Setting up clustered NFS
Prereqs
Configure CTDB as above and set it up to use public ipaddresses.
Verify that the CTDB cluster works.
sm-notify
Make sure you have the sm-notify tool installed in /usr/sbin.
You should find that tool in the nfs-util package for your operating system.
This tool is required so that CTDB will be able to successfully trigger lock recovery after an ip address failover/failback.
This tool must be installed as /usr/sbin/sm-notify on all nodes in the cluster.
/etc/exports
Export the same directory from all nodes.
Make sure to specify the fsid export option so that all nodes will present the same fsid to clients.

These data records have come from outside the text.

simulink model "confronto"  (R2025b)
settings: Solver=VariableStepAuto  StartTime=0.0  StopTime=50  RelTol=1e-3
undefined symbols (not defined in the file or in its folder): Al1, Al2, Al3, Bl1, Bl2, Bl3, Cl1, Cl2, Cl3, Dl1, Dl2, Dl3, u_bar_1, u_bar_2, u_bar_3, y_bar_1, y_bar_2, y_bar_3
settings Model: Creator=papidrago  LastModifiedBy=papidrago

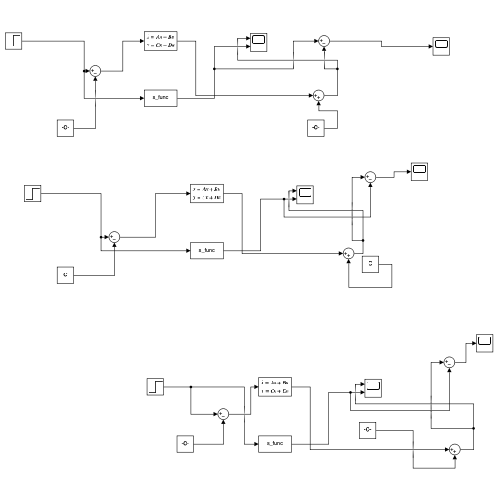
[thumbnail: Simulink's stored preview of the top-level diagram]
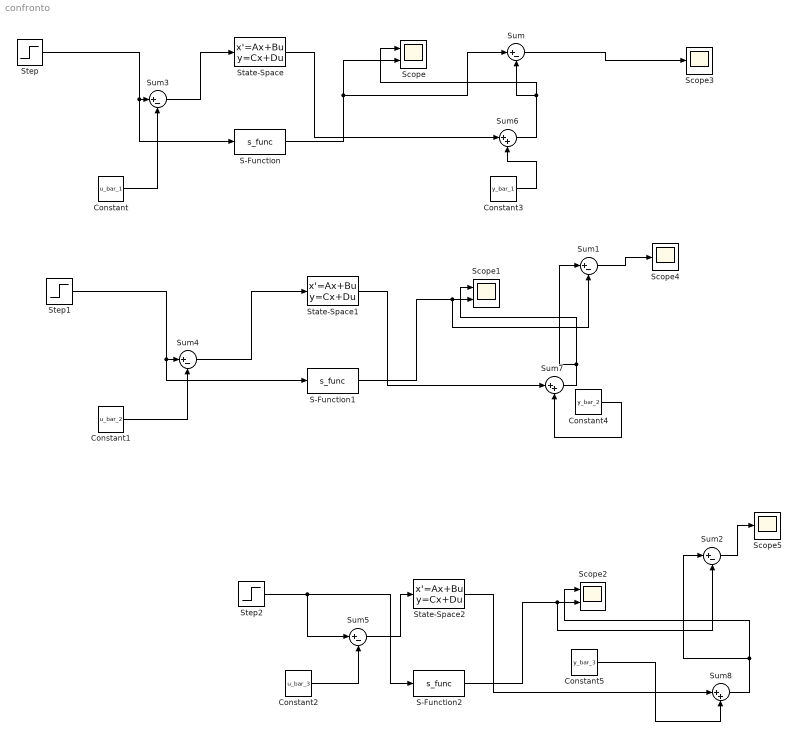
== system confronto ==
  Constant : Constant  Value=u_bar_1
  Constant1 : Constant  Value=u_bar_2
  Constant2 : Constant  Value=u_bar_3
  Constant3 : Constant  Value=y_bar_1
  Constant4 : Constant  Value=y_bar_2
  Constant5 : Constant  Value=y_bar_3
  S-Function : S-Function  FunctionName=s_func  Parameters=x_bar_1, m, h, k  SFunctionDeploymentMode=off  EnableBusSupport=off
  S-Function1 : S-Function  FunctionName=s_func  Parameters=x_eq2, m, h, k  SFunctionDeploymentMode=off  EnableBusSupport=off
  S-Function2 : S-Function  FunctionName=s_func  Parameters=x_eq3, m, h, k  SFunctionDeploymentMode=off  EnableBusSupport=off
  Scope : Scope  NumInputPorts=2
      settings: ActiveDisplayYMinimum=0.48495817564002686  ActiveDisplayYMaximum=0.63537641923975841
  Scope1 : Scope  NumInputPorts=2
      settings: ActiveDisplayYMinimum=0.565414059098941  ActiveDisplayYMaximum=4.9112734681095311
  Scope2 : Scope  NumInputPorts=2
      settings: ActiveDisplayYMinimum=0.66187585563132423  ActiveDisplayYMaximum=8.6357783650731541  DataLoggingVariableName=ScopeData2
  Scope3 : Scope
      settings: ActiveDisplayYMinimum=-0.0025450966191154774  ActiveDisplayYMaximum=0.0229058695720393  DataLoggingVariableName=ScopeData3
  Scope4 : Scope
      settings: ActiveDisplayYMinimum=-1.9617570708396923  ActiveDisplayYMaximum=0.21797300787107687  DataLoggingVariableName=ScopeData4
  Scope5 : Scope
      settings: ActiveDisplayYMinimum=-0.2187867868979626  ActiveDisplayYMaximum=1.9690810778797228  DataLoggingVariableName=ScopeData5
  State-Space : StateSpace  A=Al1  B=Bl1  C=Cl1  D=Dl1  InitialCondition=0
  State-Space1 : StateSpace  A=Al2  B=Bl2  C=Cl2  D=Dl2  InitialCondition=0
  State-Space2 : StateSpace  A=Al3  B=Bl3  C=Cl3  D=Dl3  InitialCondition=0
  Step : Step  Time=5  Before=u_bar_1  After=1.1*u_bar_1  SampleTime=0
  Step1 : Step  Time=5  Before=u_bar_2  After=u_bar_2*1.1  SampleTime=0
  Step2 : Step  Time=5  Before=u_bar_3  After=u_bar_3*1.1  SampleTime=0
  Sum{,1..5} (6 alike) : Sum  Inputs=|+-
  Sum6 : Sum  Inputs=|++
  Sum7 : Sum  Inputs=|++
  Sum8 : Sum  Inputs=|++
  wires:
  Step/1 -> S-Function/1, Sum3/1
  S-Function/1 -> Sum/1, Scope/2
  S-Function1/1 -> Sum1/2, Scope1/2
  S-Function2/1 -> Sum2/2, Scope2/2
  Sum/1 -> Scope3/1
  Sum1/1 -> Scope4/1
  Sum2/1 -> Scope5/1
  Constant/1 -> Sum3/2
  Sum3/1 -> State-Space/1
  Step1/1 -> S-Function1/1, Sum4/1
  Sum4/1 -> State-Space1/1
  Constant1/1 -> Sum4/2
  Step2/1 -> S-Function2/1, Sum5/1
  Sum5/1 -> State-Space2/1
  Constant2/1 -> Sum5/2
  State-Space/1 -> Sum6/1
  Constant3/1 -> Sum6/2
  Sum6/1 -> Sum/2, Scope/1
  Constant4/1 -> Sum7/2
  State-Space1/1 -> Sum7/1
  Sum7/1 -> Sum1/1, Scope1/1
  Constant5/1 -> Sum8/2
  State-Space2/1 -> Sum8/1
  Sum8/1 -> Sum2/1, Scope2/1

Clients can get "upset" if the fsid on a mount suddenly changes.
Example /etc/exports :
/gpfs0/data *(rw,fsid=1235)
/etc/sysconfig/nfs
This file must be edited to point statd to keep its state directory on
shared storage instead of in a local directory.
We must also make statd use a fixed port to listen on that is the same for
all nodes in the cluster.
If we don't specify a fixed port, the statd port will change during failover
which causes problems on some clients.
(some clients are very slow to realize when the port has changed)
This file should look something like :
CTDB_MANAGES_NFS=yes
CTDB_MANAGES_NFSLOCK=yes
STATD_SHARED_DIRECTORY=/gpfs0/nfs-state
STATD_HOSTNAME=\"ctdb -P $STATD_SHARED_DIRECTORY/192.168.1.1 -H /etc/ctdb/statd-callout -p 97\"
The CTDB_MANAGES_NFS line tells the events scripts that CTDB is to manage startup and shutdown of the NFS and NFSLOCK services.
The CTDB_MANAGES_NFSLOCK line tells the events scripts that CTDB is also to manage the nfs lock manager.
With these set to yes, CTDB will start/stop/restart these services as required.
STATD_SHARED_DIRECTORY is the shared directory where statd and the statd-callout script expects that the state variables and lists of clients to notify are found.
This directory must be stored on the shared cluster filesystem so that all nodes can access the same data.
Don't forget to create this directory:
mkdir /gpfs0/nfs-state
chkconfig
Since CTDB will manage and start/stop/restart the nfs and the nfslock services, you must disable them using chkconfig.
chkconfig nfs off
chkconfig nfslock off
Event scripts
CTDB clustering for NFS relies on two event scripts /etc/ctdb/events.d/nfs and /etc/ctdb/events.d/nfslock.
These two scripts are provided by the RPM package and there should not be any need to change them.
IMPORTANT
Never ever mount the same nfs share on a client from two different nodes in the cluster at the same time!
The client side caching in NFS is very fragile and assumes/relies on that an object can only be accessed through one single path at a time.